[Wulfric the Weapon Thane by Charles W. Whistler]@TWC D-Link bookWulfric the Weapon Thane CHAPTER I 14/16
I had forgotten how often after calm comes a shift of wind, and it had been over still for an hour or so.
Then the gale blew up suddenly. I could have stemmed the tide, as often before; but wind and tide both were my masters then. "That was three days and two nights ago.
Never thought I to see another sunset, for by midday of that first day I broke an oar, and knew that home I could never win; so I made shift with the floor boards, as you saw, for want of canvas.

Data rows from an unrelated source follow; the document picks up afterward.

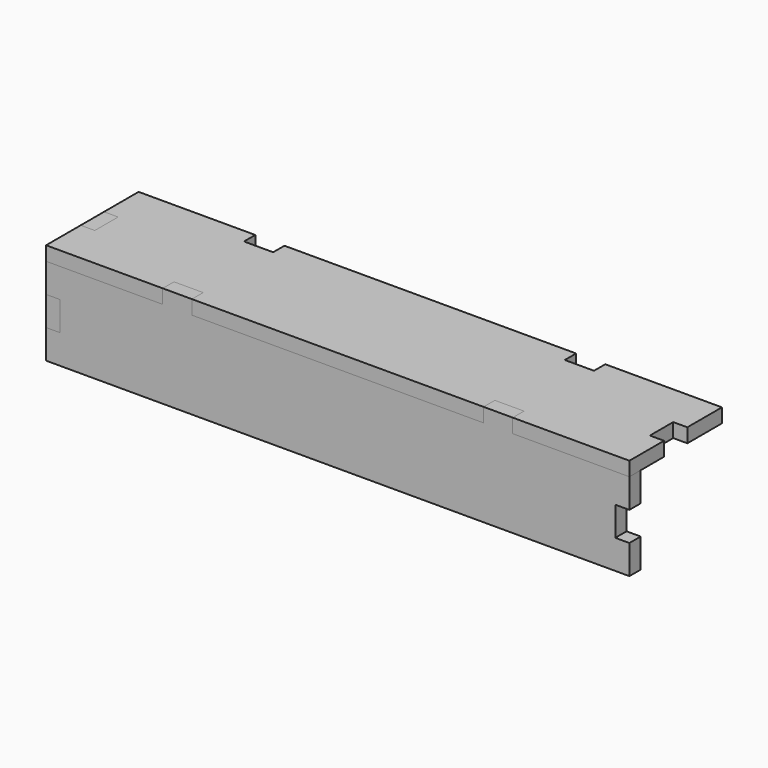
from build123d import *

# Parameters (mm, degrees)
F2_DEPTH = 3.0734
F3_W     = 63.5
F3_H     = 3.0734
F4_DEPTH = 3.0734
F5_W     = 3.0734
F5_H     = 6.35
F6_DEPTH = 3.0734


# Not quite as in the source:
# - a variable given as a bare number and used for a length is read in inches; the dataset says mm whatever the document's units were


with BuildPart() as f2:
    # F1 (on Front) → F2 (new body)
    with BuildSketch(Plane.XZ):
        Polygon((0, 6.35), (0, 0), (127, 0), (127, 6.35), (123.9266, 6.35), (123.9266, 12.7), (127, 12.7), (127, 19.05), (101.6, 19.05), (101.6, 22.1234), (95.25, 22.1234), (95.25, 19.05), (31.75, 19.05), (31.75, 22.1234), (25.4, 22.1234), (25.4, 19.05), (0, 19.05), (0, 12.7), (3.0734, 12.7), (3.0734, 6.35), align=None)
    extrude(amount=-F2_DEPTH)


with BuildPart() as f4:
    # F3 (on face) → F4 (new body)
    with BuildSketch(Plane.XY.offset(19.05)):
        Polygon((0, 0), (25.4, 0), (25.4, 3.0734), (31.75, 3.0734), (95.25, 3.0734), (101.6, 3.0734), (101.6, 0), (127, 0), (127, 9.414411702), (123.9266, 9.414411702), (123.9266, 15.764411702), (127, 15.764411702), (127, 25.178823404), (101.6, 25.178823404), (101.6, 22.105423404), (95.25, 22.105423404), (95.25, 25.178823404), (31.75, 25.178823404), (31.75, 22.105423404), (25.4, 22.105423404), (25.4, 25.178823404), (0, 25.178823404), (0, 15.764411702), (3.0734, 15.764411702), (3.0734, 9.414411702), (0, 9.414411702), align=None)
        with Locations((63.5, 1.5367)):
            Rectangle(F3_W, F3_H)
    extrude(amount=F4_DEPTH)


with BuildPart() as f6:
    # F5 (on face) → F6 (new body)
    with BuildSketch(Plane(origin=(3.0734, 0, 0), x_dir=(0, -1, 0), z_dir=(-1, 0, 0))):
        Polygon((-3.0734, 0), (-3.0734, 6.35), (-3.0734, 12.7), (-3.0734, 19.05), (-9.414411702, 19.05), (-9.414411702, 22.1234), (-15.764411702, 22.1234), (-15.764411702, 19.05), (-22.105423404, 19.05), (-22.105423404, 12.7), (-25.178823404, 12.7), (-25.178823404, 6.35), (-22.105423404, 6.35), (-22.105423404, 0), align=None)
        with Locations((-1.5367, 9.525)):
            Rectangle(F5_W, F5_H)
    extrude(amount=F6_DEPTH)


solid = Compound([f2.part, f4.part, f6.part])

After that there is little to tell, for it was ever wave after wave, and gray flying clouds ever over me, and at night no rest, but watching white wave crests coming after me through the dark." "Some of us thought that you were a Finn, at least," said my father as the Dane paused. "Not once or twice only on this voyage have I wished myself a Finn, or at least that I had a Finn's powers," said Lodbrok, laughing; "but there has been no magic about this business save watchfulness, and my sons' good handicraft." Then I asked the jarl how he called his sons, with a little honest envy in my heart that I could never hope to equal their skill in this matter of boat building, wherein I had been wont to take some pride of myself. "Three sons have I in Jutland, Wulfric, my friend, and they, when they hear my story, will hold you dear to them.
Ingvar is the eldest, Hubba, the next, and the third, Halfden, is three-and-twenty, and so about your own age, as I take it, as he is also about your equal in build and strength.